Cross-cutting discipline Discipline 1 of 2 cross-cutting disciplines ~10 min read
D1
Cross-cutting discipline · designed in at L1

Trust — the lake is correct. Or you have nothing.

Most teams treat observability as a layer to add at the end. That framing is the problem. Trust — observability, data quality, freshness, schema drift — is a discipline that runs through every build layer. Designed in at L1. Present at L2, L3, L4, L5. By L4 it's too late to retrofit.

Our take

Four things, always on: freshness, volume, schema, and nulls on key columns. Wired into every layer from day one — not bolted on later.

Why this matters Silent data rot

Data pipelines almost never crash. They just quietly start lying.

A web app breaks loudly — a 500 error, a broken page, something obvious. A data pipeline breaks silently: a connector stops updating at 3am and the dashboard just keeps showing yesterday's number. A source renames a column and every downstream metric subtly shifts. Nobody notices for a week.

Observability is the smoke detector for this. You can't watch every row; you watch four signals — is it fresh, is it the right volume, is the schema still what we expect, are the key columns not full of nulls — and those four catch the vast majority of "the numbers look weird today" incidents. Start here. Add more signals when a specific failure teaches you to.

01
Freshness

Every mart has a max staleness. Breach it, page someone.

dim_customer · < 4h
02
Row-count variance

Today vs. the last 30 days. Outliers mean upstream broke.

14,000 → 280 rows ⚠︎
03
Schema drift

Contract-test staging against raw. Fail the build, don't silently drop columns.

new col → PR blocks
04
Nulls on key cols

Join keys and grain columns should never be null. Ever.

customer_id · 0 nulls
Rule 03

Freshness is the most-ignored metric.

Every mart should have a max acceptable staleness. If dim_customer hasn't updated in 4 hours, something is wrong — even if queries still succeed. Alert on it.

Heuristic

Row-count variance is free and incredibly effective.

If yesterday you landed 14,000 orders and today you landed 280, a source broke and nobody told you.

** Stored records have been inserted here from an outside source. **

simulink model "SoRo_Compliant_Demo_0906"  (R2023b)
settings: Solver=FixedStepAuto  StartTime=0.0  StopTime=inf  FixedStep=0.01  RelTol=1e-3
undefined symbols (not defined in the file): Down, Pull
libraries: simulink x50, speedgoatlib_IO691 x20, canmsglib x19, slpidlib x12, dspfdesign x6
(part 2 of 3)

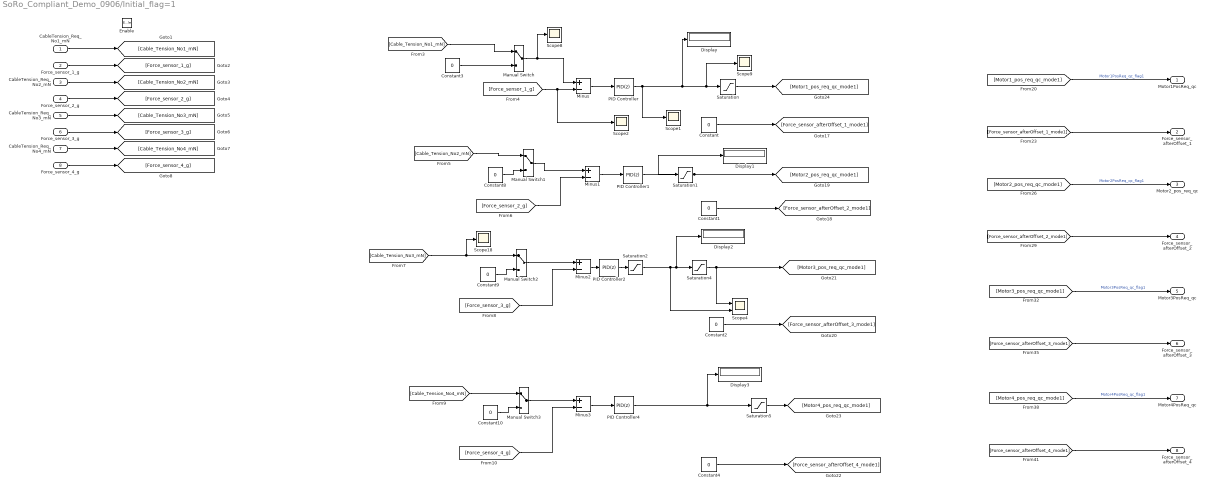
== system SoRo_Compliant_Demo_0906/Initial_flag=1 ==
  CableTension_Req_No1_mN : Inport
  Force_sensor_1_g : Inport  Port=2
  CableTension_Req_No2_mN : Inport  Port=3
  Force_sensor_2_g : Inport  Port=4
  CableTension_Req_No3_mN : Inport  Port=5
  Force_sensor_3_g : Inport  Port=6
  CableTension_Req_No4_mN : Inport  Port=7
  Force_sensor_4_g : Inport  Port=8
  Enable : EnablePort
  Constant{,1..2,4} (4 alike) : Constant  Value=0
  Constant{3,8..10} (4 alike) : Constant  Value=0  SampleTime=0.01
  Display{,1..3} (4 alike) : Display
  Manual Switch{,1..3} (4 alike) : ManualSwitch
  Minus{,1..3} (4 alike) : Sum  Inputs=+-
  PID Controller{,1..2,4} (4 alike) : slpidlib/PID Controller  Controller=PID  Form=Parallel  TimeDomain=Discrete-time  UseExternalTs=off  SampleTime=-1  IntegratorMethod=Forward Euler  FilterMethod=Forward Euler  ControllerParametersSource=internal  P=0.08  I=0.004  UseKiTs=off  D=0  N=100  UseFilter=on  TunerSelectOption=Transfer Function Based (PID Tuner App)  InitialConditionSource=internal  InitialConditionForIntegrator=0  InitialConditionForFilter=0  DifferentiatorICPrevScaledInput=0  ExternalReset=none  TrackingMode=off  Kt=1  LimitOutput=off  SatLimitsSource=internal  UpperSaturationLimit=inf  LowerSaturationLimit=-inf  LinearizeAsGain=on  AntiWindupMode=none  Kb=1  LimitIntegrator=off  UpperIntegratorSaturationLimit=inf  LowerIntegratorSaturationLimit=-inf  POutMin=[]  POutMax=[]  IOutMin=[]  IOutMax=[]  DOutMin=[]  DOutMax=[]  NOutMin=[]  NOutMax=[]  SumOutMin=[]  SumOutMax=[]  SaturationOutMin=[]  SaturationOutMax=[]  PParamMin=[]  PParamMax=[]  IParamMin=[]  IParamMax=[]  DParamMin=[]  DParamMax=[]  NParamMin=[]  NParamMax=[]  KbParamMin=[]  KbParamMax=[]  KtParamMin=[]  KtParamMax=[]  KbOutMin=[]  KbOutMax=[]  KtOutMin=[]  KtOutMax=[]  IntegratorOutMin=[]  IntegratorOutMax=[]  FilterOutMin=[]  FilterOutMax=[]  SumI1OutMin=[]  SumI1OutMax=[]  SumI2OutMin=[]  SumI2OutMax=[]  SumI3OutMin=[]  SumI3OutMax=[]  SumI4OutMin=[]  SumI4OutMax=[]  SumDOutMin=[]  SumDOutMax=[]  DifferentiatorOutMin=[]  DifferentiatorOutMax=[]  FilterDiffOutCoefMin=[]  FilterDiffOutCoefMax=[]  ReciprocalOutMin=[]  ReciprocalOutMax=[]  SumDenOutMin=[]  SumDenOutMax=[]  SumNumOutMin=[]  SumNumOutMax=[]  DivideOutMin=[]  DivideOutMax=[]  UdiffTsProdOutMin=[]  UdiffTsProdOutMax=[]  NTsProdOutMin=[]  NTsProdOutMax=[]  UintegralTsProdOutMin=[]  UintegralTsProdOutMax=[]  UngainTsProdOutMin=[]  UngainTsProdOutMax=[]  ClampingZeroOutDataTypeStr=Inherit: Inherit via back propagation  ClampingZeroOutMin=[]  ClampingZeroOutMax=[]  FilterDenConstantOutDataTypeStr=Inherit: Inherit via back propagation  FilterDenConstantOutMin=[]  FilterDenConstantOutMax=[]  PCopyOutDataTypeStr=Inherit: Inherit via back propagation  PCopyOutMin=[]  PCopyOutMax=[]  NCopyOutDataTypeStr=Inherit: Inherit via back propagation  NCopyOutMin=[]  NCopyOutMax=[]  IntegratorContinuousStateAttributes=''  IntegratorStateMustResolveToSignalObject=off  IntegratorRTWStateStorageClass=Auto  FilterContinuousStateAttributes=''  FilterStateMustResolveToSignalObject=off  FilterRTWStateStorageClass=Auto  ParallelPVariant=InternalParameters  IdealPVariant=Disabled  IVariant=InternalParameters  DVariant=InternalParameters  IntegratorVariant=Discrete  SatVariant=Disabled  AWVariant=Passthrough  PCopyVariant=Disabled  TRVariant=Disabled  FdbkBlocksVariant=Forward  IdealPFdbkVariant=Disabled  SatFdbkVariant=Disabled  DerivativeFilterVariant=ForwardEulerFilter  NVariant=InternalParameters  NCopyVariant=Disabled  FilterICVariant=InternalICsFilter  IntegratorICVariant=InternalICs  ExternalResetVariant=Disabled  TRSumVariant=Passthrough  SumFdbkVariant=Disabled  SumVariant=Sum_PID  TsampFilterVariant=InternalTs  TsampNgainVariant=Passthrough  TsampIntegralVariant=Disabled_SignalSpec  ExternalSaturationOutDataTypeStr=Inherit: Same as second input
  Saturation{,1,4..5} (4 alike) : Saturate  UpperLimit=3000  LowerLimit=-3000
  Saturation2 : Saturate  UpperLimit=400  LowerLimit=-400
  Scope{1..2,8..9,18} (5 alike) : Scope
  Scope4 : Scope  NumInputPorts=2
  Motor1PosReq_qc : Outport
  Force_sensor_afterOffset_1 : Outport  Port=2
  Motor2_pos_req_qc : Outport  Port=3
  Force_sensor_afterOffset_2 : Outport  Port=4
  Motor3PosReq_qc : Outport  Port=5
  Force_sensor_afterOffset_3 : Outport  Port=6
  Motor4PosReq_qc : Outport  Port=7
  Force_sensor_afterOffset_4 : Outport  Port=8
  wires:
  [Force_sensor_afterOffset_4_mode1] -> Force_sensor_afterOffset_4/1
  [Cable_Tension_No1_mN] -> Manual Switch/1
  [Cable_Tension_No4_mN] -> Manual Switch3/1
  Saturation/1 -> [Motor1_pos_req_qc_mode1]
  Constant1/1 -> [Force_sensor_afterOffset_2_mode1]
  [Force_sensor_afterOffset_2_mode1] -> Force_sensor_afterOffset_2/1
  PID Controller4/1 -> Display3/1, Saturation5/1
  PID Controller2/1 -> Saturation2/1
  Manual Switch2/1 -> Minus2/1
  [Cable_Tension_No3_mN] -> Scope18/1, Manual Switch2/1
  PID Controller/1 -> Display/1, Scope9/1, Saturation/1, Scope1/1
  Constant10/1 -> Manual Switch3/2
  Manual Switch3/1 -> Minus3/1
  Manual Switch/1 -> Scope8/1, Minus/1
  Manual Switch1/1 -> Minus1/1
  [Force_sensor_4_g] -> Minus3/2
  [Force_sensor_1_g] -> Scope2/1, Minus/2
  Constant4/1 -> [Force_sensor_afterOffset_4_mode1]
  Constant8/1 -> Manual Switch1/2
  [Cable_Tension_No2_mN] -> Manual Switch1/1
  Constant9/1 -> Manual Switch2/2
  [Force_sensor_2_g] -> Minus1/2
  CableTension_Req_No2_mN/1 -> [Cable_Tension_No2_mN]
  Minus1/1 -> PID Controller1/1
  CableTension_Req_No3_mN/1 -> [Cable_Tension_No3_mN]
  Saturation4/1 -> Scope4/1, [Motor3_pos_req_qc_mode1]
  PID Controller1/1 -> Saturation1/1
  [Force_sensor_afterOffset_3_mode1] -> Force_sensor_afterOffset_3/1
  Minus2/1 -> PID Controller2/1
  Minus/1 -> PID Controller/1
  Force_sensor_3_g/1 -> [Force_sensor_3_g]
  Minus3/1 -> PID Controller4/1
  Saturation2/1 -> Display2/1, Saturation4/1, Scope4/2
  Force_sensor_4_g/1 -> [Force_sensor_4_g]
  CableTension_Req_No4_mN/1 -> [Cable_Tension_No4_mN]
  [Motor4_pos_req_qc_mode1] -> Motor4PosReq_qc/1  "Motor4PosReq_qc_flag1"
  CableTension_Req_No1_mN/1 -> [Cable_Tension_No1_mN]
  Force_sensor_2_g/1 -> [Force_sensor_2_g]
  [Force_sensor_3_g] -> Minus2/2
  [Motor2_pos_req_qc_mode1] -> Motor2_pos_req_qc/1  "Motor2PosReq_qc_flag1"
  Force_sensor_1_g/1 -> [Force_sensor_1_g]
  [Motor3_pos_req_qc_mode1] -> Motor3PosReq_qc/1  "Motor3PosReq_qc_flag1"
  Constant2/1 -> [Force_sensor_afterOffset_3_mode1]
  [Motor1_pos_req_qc_mode1] -> Motor1PosReq_qc/1  "Motor1PosReq_qc_flag1"
  Saturation1/1 -> [Motor2_pos_req_qc_mode1], Display1/1
  Constant3/1 -> Manual Switch/2
  Constant/1 -> [Force_sensor_afterOffset_1_mode1]
  [Force_sensor_afterOffset_1_mode1] -> Force_sensor_afterOffset_1/1
  Saturation5/1 -> [Motor4_pos_req_qc_mode1]

== system SoRo_Compliant_Demo_0906/Subsystem ==
  Channel4 : Inport
  Enable : EnablePort
  " " : Constant  Value=5
  Gain4 : Gain  Gain=0.009
  MATLAB Function4 : MATLAB Function  TreatAsAtomicUnit=on
  MATLAB Function5 : MATLAB Function  TreatAsAtomicUnit=on
  Memory1 : Memory
  Minus2 : Sum  Inputs=+-
  Output Value at Neutral Position : Constant  Value=1000
  Scope{,1..3} (4 alike) : Scope
  Motor5PosReq_qc : Outport
  wires:
  Output Value at Neutral Position/1 -> Minus2/2
  MATLAB Function5/1(y) -> Scope1/1, Minus2/1
  Channel4/1 -> MATLAB Function5/1(u)
  " "/1 -> MATLAB Function5/2(threshold)
  Gain4/1 -> Scope3/1, MATLAB Function4/2(inc)
  Minus2/1 -> Scope2/1, Gain4/1
  Memory1/1 -> MATLAB Function4/1(otpt_last)
  MATLAB Function4/1(y) -> Scope/1, Memory1/1, Motor5PosReq_qc/1  "Motor5PosReq_qc"

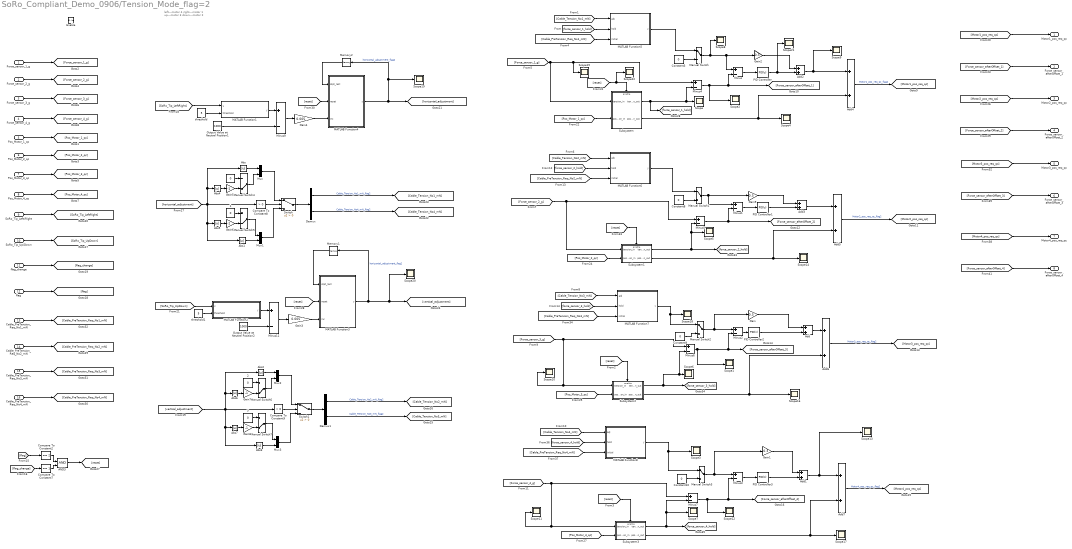
== system SoRo_Compliant_Demo_0906/Tension_Mode_flag=2 ==
  note: left---motor 4
      | right---motor 1
      | up---motor 3
      | down---motor 2
  Force_sensor_1_g : Inport
  Force_sensor_2_g : Inport  Port=2
  Force_sensor_3_g : Inport  Port=3
  Force_sensor_4_g : Inport  Port=4
  Pos_Motor_1_qc : Inport  Port=5
  Pos_Motor_2_qc : Inport  Port=6
  Pos_Motor_3_qc : Inport  Port=7
  Pos_Motor_4_qc : Inport  Port=8
  SoRo_Tip_Left/Right : Inport  Port=9
  SoRo_Tip_Up/Down : Inport  Port=10
  flag_change : Inport  Port=11
  flag : Inport  Port=12
  Cable_PreTension_Req_No1_mN : Inport  Port=13
  Cable_PreTension_Req_No2_mN : Inport  Port=14
  Cable_PreTension_Req_No3_mN : Inport  Port=15
  Cable_PreTension_Req_No4_mN : Inport  Port=16
  Enable : EnablePort
   {,1..3} (4 alike) : Constant  Value=0
  AND3 : Logic  IconShape=distinctive  AllPortsSameDT=off  OutDataTypeStr=boolean
  Abs{,1..7} (8 alike) : Abs  SaturateOnIntegerOverflow=off
  Add{,1..7} (8 alike) : Sum
  Compare To Constant2 : simulink/Logic and Bit Operations/Compare To Constant  relop===  const=2  OutDataTypeStr=boolean
  Compare To Constant7 : simulink/Logic and Bit Operations/Compare To Constant  relop===  const=1  OutDataTypeStr=boolean
  Compare To Constant8 : simulink/Logic and Bit Operations/Compare To Constant  relop=>  const=0  OutDataTypeStr=boolean
  Compare To Constant9 : simulink/Logic and Bit Operations/Compare To Constant  relop=>  const=0  OutDataTypeStr=boolean
  Constant{3,8..10} (4 alike) : Constant  Value=0  SampleTime=0.01
  Demux : Demux  Outputs=2
  Demux1 : Demux  Outputs=2
  Gain{,1..2,9} (4 alike) : Gain  Gain=0.3
  Gain3 : Gain  Gain=0.005
  Gain4 : Gain  Gain=0.005
  Gain{5..8} (4 alike) : Gain  Gain=-1
  MATLAB Function1 : MATLAB Function  TreatAsAtomicUnit=on
  MATLAB Function2 : MATLAB Function  TreatAsAtomicUnit=on
  MATLAB Function3 : MATLAB Function  TreatAsAtomicUnit=on
  MATLAB Function4 : MATLAB Function  TreatAsAtomicUnit=on
  MATLAB Function5 : MATLAB Function  TreatAsAtomicUnit=on
  MATLAB Function6 : MATLAB Function  TreatAsAtomicUnit=on
  MATLAB Function7 : MATLAB Function  TreatAsAtomicUnit=on
  MATLAB Function8 : MATLAB Function  TreatAsAtomicUnit=on
  Manual Switch{,1..3} (4 alike) : ManualSwitch
  Manual Switch{4..7} (4 alike) : ManualSwitch  CurrentSetting=0
  Memory1 : Memory
  Memory2 : Memory
  Minus{,1..7,9,11} (10 alike) : Sum  Inputs=+-
  Mux{,1..3} (4 alike) : Mux  Inputs=2
  Output Value at Neutral Position1 : Constant  Value=1000
  Output Value at Neutral Position2 : Constant  Value=1000
  PID Controller{,1..3} (4 alike) : slpidlib/PID Controller  Controller=PID  Form=Parallel  TimeDomain=Discrete-time  UseExternalTs=off  SampleTime=-1  IntegratorMethod=Forward Euler  FilterMethod=Forward Euler  ControllerParametersSource=internal  P=0.1  I=0  UseKiTs=off  D=0  N=100  UseFilter=on  TunerSelectOption=Transfer Function Based (PID Tuner App)  InitialConditionSource=internal  InitialConditionForIntegrator=0  InitialConditionForFilter=0  DifferentiatorICPrevScaledInput=0  ExternalReset=none  TrackingMode=off  Kt=1  LimitOutput=off  SatLimitsSource=internal  UpperSaturationLimit=inf  LowerSaturationLimit=-inf  LinearizeAsGain=on  AntiWindupMode=none  Kb=1  LimitIntegrator=off  UpperIntegratorSaturationLimit=inf  LowerIntegratorSaturationLimit=-inf  POutMin=[]  POutMax=[]  IOutMin=[]  IOutMax=[]  DOutMin=[]  DOutMax=[]  NOutMin=[]  NOutMax=[]  SumOutMin=[]  SumOutMax=[]  SaturationOutMin=[]  SaturationOutMax=[]  PParamMin=[]  PParamMax=[]  IParamMin=[]  IParamMax=[]  DParamMin=[]  DParamMax=[]  NParamMin=[]  NParamMax=[]  KbParamMin=[]  KbParamMax=[]  KtParamMin=[]  KtParamMax=[]  KbOutMin=[]  KbOutMax=[]  KtOutMin=[]  KtOutMax=[]  IntegratorOutMin=[]  IntegratorOutMax=[]  FilterOutMin=[]  FilterOutMax=[]  SumI1OutMin=[]  SumI1OutMax=[]  SumI2OutMin=[]  SumI2OutMax=[]  SumI3OutMin=[]  SumI3OutMax=[]  SumI4OutMin=[]  SumI4OutMax=[]  SumDOutMin=[]  SumDOutMax=[]  DifferentiatorOutMin=[]  DifferentiatorOutMax=[]  FilterDiffOutCoefMin=[]  FilterDiffOutCoefMax=[]  ReciprocalOutMin=[]  ReciprocalOutMax=[]  SumDenOutMin=[]  SumDenOutMax=[]  SumNumOutMin=[]  SumNumOutMax=[]  DivideOutMin=[]  DivideOutMax=[]  UdiffTsProdOutMin=[]  UdiffTsProdOutMax=[]  NTsProdOutMin=[]  NTsProdOutMax=[]  UintegralTsProdOutMin=[]  UintegralTsProdOutMax=[]  UngainTsProdOutMin=[]  UngainTsProdOutMax=[]  ClampingZeroOutDataTypeStr=Inherit: Inherit via back propagation  ClampingZeroOutMin=[]  ClampingZeroOutMax=[]  FilterDenConstantOutDataTypeStr=Inherit: Inherit via back propagation  FilterDenConstantOutMin=[]  FilterDenConstantOutMax=[]  PCopyOutDataTypeStr=Inherit: Inherit via back propagation  PCopyOutMin=[]  PCopyOutMax=[]  NCopyOutDataTypeStr=Inherit: Inherit via back propagation  NCopyOutMin=[]  NCopyOutMax=[]  IntegratorContinuousStateAttributes=''  IntegratorStateMustResolveToSignalObject=off  IntegratorRTWStateStorageClass=Auto  FilterContinuousStateAttributes=''  FilterStateMustResolveToSignalObject=off  FilterRTWStateStorageClass=Auto  ParallelPVariant=InternalParameters  IdealPVariant=Disabled  IVariant=InternalParameters  DVariant=InternalParameters  IntegratorVariant=Discrete  SatVariant=Disabled  AWVariant=Passthrough  PCopyVariant=Disabled  TRVariant=Disabled  FdbkBlocksVariant=Forward  IdealPFdbkVariant=Disabled  SatFdbkVariant=Disabled  DerivativeFilterVariant=ForwardEulerFilter  NVariant=InternalParameters  NCopyVariant=Disabled  FilterICVariant=InternalICsFilter  IntegratorICVariant=InternalICs  ExternalResetVariant=Disabled  TRSumVariant=Passthrough  SumFdbkVariant=Disabled  SumVariant=Sum_PID  TsampFilterVariant=InternalTs  TsampNgainVariant=Passthrough  TsampIntegralVariant=Disabled_SignalSpec  ExternalSaturationOutDataTypeStr=Inherit: Same as second input
  Scope{,1..22} (23 alike) : Scope
  Subsystem : Subsystem
  Subsystem1 : Subsystem
  Subsystem2 : Subsystem
  Subsystem3 : Subsystem
  Switch : Switch  Criteria=u2 > Threshold  SaturateOnIntegerOverflow=off  InputSameDT=off
  Switch1 : Switch  Criteria=u2 > Threshold  SaturateOnIntegerOverflow=off  InputSameDT=off
  threshold : Constant  Value=5
  threshold1 : Constant  Value=5
  Motor1_pos_req_qc : Outport
  Force_sensor_afterOffset_1 : Outport  Port=2
  Motor2_pos_req_qc : Outport  Port=3
  Force_sensor_afterOffset_2 : Outport  Port=4
  Motor3_pos_req_qc : Outport  Port=5
  Force_sensor_afterOffset_3 : Outport  Port=6
  Motor4_pos_req_qc : Outport  Port=7
  Force_sensor_afterOffset_4 : Outport  Port=8
  wires:
  [Force_sensor_1_g] -> Minus4/1, Scope15/1, Subsystem/1(tension_in)
  [Force_sensor_afterOffset_3] -> Force_sensor_afterOffset_3/1
  [Motor4_pos_req_qc] -> Motor4_pos_req_qc/1
  [Motor1_pos_req_qc] -> Motor1_pos_req_qc/1
  [Force_sensor_afterOffset_4] -> Force_sensor_afterOffset_4/1
  Constant9/1 -> Manual Switch2/2
  Subsystem2/1(tension_out) -> Minus6/2, Scope6/1, [force_sensor_3_hold]
  Minus/1 -> PID Controller/1
  Constant8/1 -> Manual Switch1/2
  [Motor3_pos_req_qc] -> Motor3_pos_req_qc/1
  Add1/1 -> Add7/1, Scope13/1
  Minus1/1 -> PID Controller1/1
  Subsystem3/1(tension_out) -> Scope7/1, Minus7/2, [force_sensor_4_hold]
  Minus7/1 -> Scope12/1, [Force_sensor_afterOffset_4], Minus3/2
  Manual Switch3/1 -> Minus3/1, Gain1/1
  [reset] -> Subsystem1/Enable
  PID Controller2/1 -> Add/2
  Minus5/1 -> [Force_sensor_afterOffset_2], Minus1/2
  Minus6/1 -> Scope1/1, [Force_sensor_afterOffset_3], Minus2/2
  Minus3/1 -> PID Controller3/1
  [Force_sensor_3_g] -> Minus6/1, Subsystem2/1(tension_in), Scope10/1
  Manual Switch/1 -> Minus/1, Gain2/1, Scope8/1
  Manual Switch2/1 -> Minus2/1, Gain/1
  Subsystem/1(tension_out) -> [force_sensor_1_hold], Scope/1, Minus4/2
  PID Controller/1 -> Scope21/1, Add2/2
  Constant10/1 -> Manual Switch3/2
  Subsystem1/1(tension_out) -> Minus5/2, Scope5/1, [force_sensor_2_hold]
  Gain1/1 -> Add1/1
  [reset] -> Scope22/1, Subsystem/Enable
  PID Controller3/1 -> Add1/2
  Gain/1 -> Add/1
  [Force_sensor_2_g] -> Subsystem1/1(tension_in), Minus5/1
  Force_sensor_4_g/1 -> [Force_sensor_4_g]
  [reset] -> Subsystem3/Enable
  Minus2/1 -> PID Controller2/1
  Constant3/1 -> Manual Switch/2
  Manual Switch1/1 -> Minus1/1, Gain9/1
  Force_sensor_3_g/1 -> [Force_sensor_3_g]
  Force_sensor_2_g/1 -> [Force_sensor_2_g]
  [reset] -> Subsystem2/Enable
  [Force_sensor_4_g] -> Minus7/1, Subsystem3/1(tension_in), Scope11/1
  [Force_sensor_afterOffset_1] -> Force_sensor_afterOffset_1/1
  [Motor2_pos_req_qc] -> Motor2_pos_req_qc/1
  Force_sensor_1_g/1 -> [Force_sensor_1_g]
  Gain2/1 -> Add2/1
  [Force_sensor_afterOffset_2] -> Force_sensor_afterOffset_2/1
  Add2/1 -> Add4/1, Scope9/1
  Minus4/1 -> Scope2/1, [Force_sensor_afterOffset_1], Minus/2
  SoRo_Tip_Left/Right/1 -> [SoRo_Tip_LeftRight]
  SoRo_Tip_Up/Down/1 -> [SoRo_Tip_UpDown]
  flag_change/1 -> [flag_change]
  flag/1 -> [flag]
  Gain4/1 -> MATLAB Function4/3(inc)
  Output Value at Neutral Position1/1 -> Minus9/2
  Minus9/1 -> Gain4/1
  [horizontal_adjustment] -> Compare To Constant8/1, Abs5/1, Abs1/1, Abs/1, Abs4/1
  Compare To Constant8/1 -> Switch/2
  Mux/1 -> Switch/1
  Switch/1 -> Demux/1
  Abs/1 -> Mux/1
  Mux1/1 -> Switch/3
  Manual Switch5/1 -> Mux1/1
  Abs1/1 -> Mux1/2
  Switch1/1 -> Demux1/1
  Gain3/1 -> MATLAB Function3/3(inc)
  Minus11/1 -> Gain3/1
  Output Value at Neutral Position2/1 -> Minus11/2
  MATLAB Function1/1(y) -> Minus9/1
  [SoRo_Tip_LeftRight] -> MATLAB Function1/1(u)
  threshold/1 -> MATLAB Function1/2(threshold)
  MATLAB Function2/1(y) -> Minus11/1
  [SoRo_Tip_UpDown] -> MATLAB Function2/1(u)
  threshold1/1 -> MATLAB Function2/2(threshold)
  Manual Switch4/1 -> Mux/2
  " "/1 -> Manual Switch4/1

A simple "is today within 3 standard deviations of the last 30 days?" check catches most upstream outages within one sync.

Opinion

Schema drift should fail loud.

The CRM added a new field. Great. The nightly refresh silently drops it because staging hardcoded the column list. Three weeks later someone asks about it. Contract-test your staging models against raw. Break the build on mismatch.

What the channel looks like
#data-alertsmute disabled · humans on-call
09:14row-count variance · stg_orders landed 280 rows (30d avg 14,204, σ=1,820). shopify connector last succeeded 08:55 with 0 rows.
09:15freshness breach · dim_customer is 4h12m stale. SLA 4h. Upstream: stg_orders (see 09:14).
09:22ack'd · @jamie · restarting shopify connector, backfilling 08:00–09:00
09:48resolved · dim_customer 12m stale, row-count back inside σ.
Heuristic

One alert channel. Humans on call for it.

If alerts land in a Slack channel nobody watches, you don't have observability — you have logging. Route to the same channel your platform alerts go to. Fewer, louder, actionable.

Artifact slack/alerts/freshness.json ~25 lines · Slack Block Kit
// slack/alerts/freshness.json — what hits #data-alerts when an asset goes stale
{
  "channel": "#data-alerts",
  "blocks": [
    { "type": "header",
      "text": { "type": "plain_text", "text": "🟠 Stale: raw_shopify.orders" } },
    { "type": "section",
      "fields": [
        { "type": "mrkdwn", "text": "*Last refresh:*\n42 min ago" },
        { "type": "mrkdwn", "text": "*SLA:*\n20 min" },
        { "type": "mrkdwn", "text": "*Owner:*\n@ops-data-team" },
        { "type": "mrkdwn", "text": "*Downstream:*\ndaily_kpi_report, ai_assistant" }
      ]
    },
    { "type": "actions",
      "elements": [
        { "type": "button", "text": { "type": "plain_text", "text": "View asset" },
          "url": "https://dagster.your-co.com/assets/raw_shopify/orders" },
        { "type": "button", "text": { "type": "plain_text", "text": "Mute 1h" },
          "value": "mute:raw_shopify.orders:1h" }
      ]
    }
  ]
}

Load-bearingEvery alert names who owns it and what breaks downstream. An alert without a name and a blast radius is just noise — it gets muted in a week.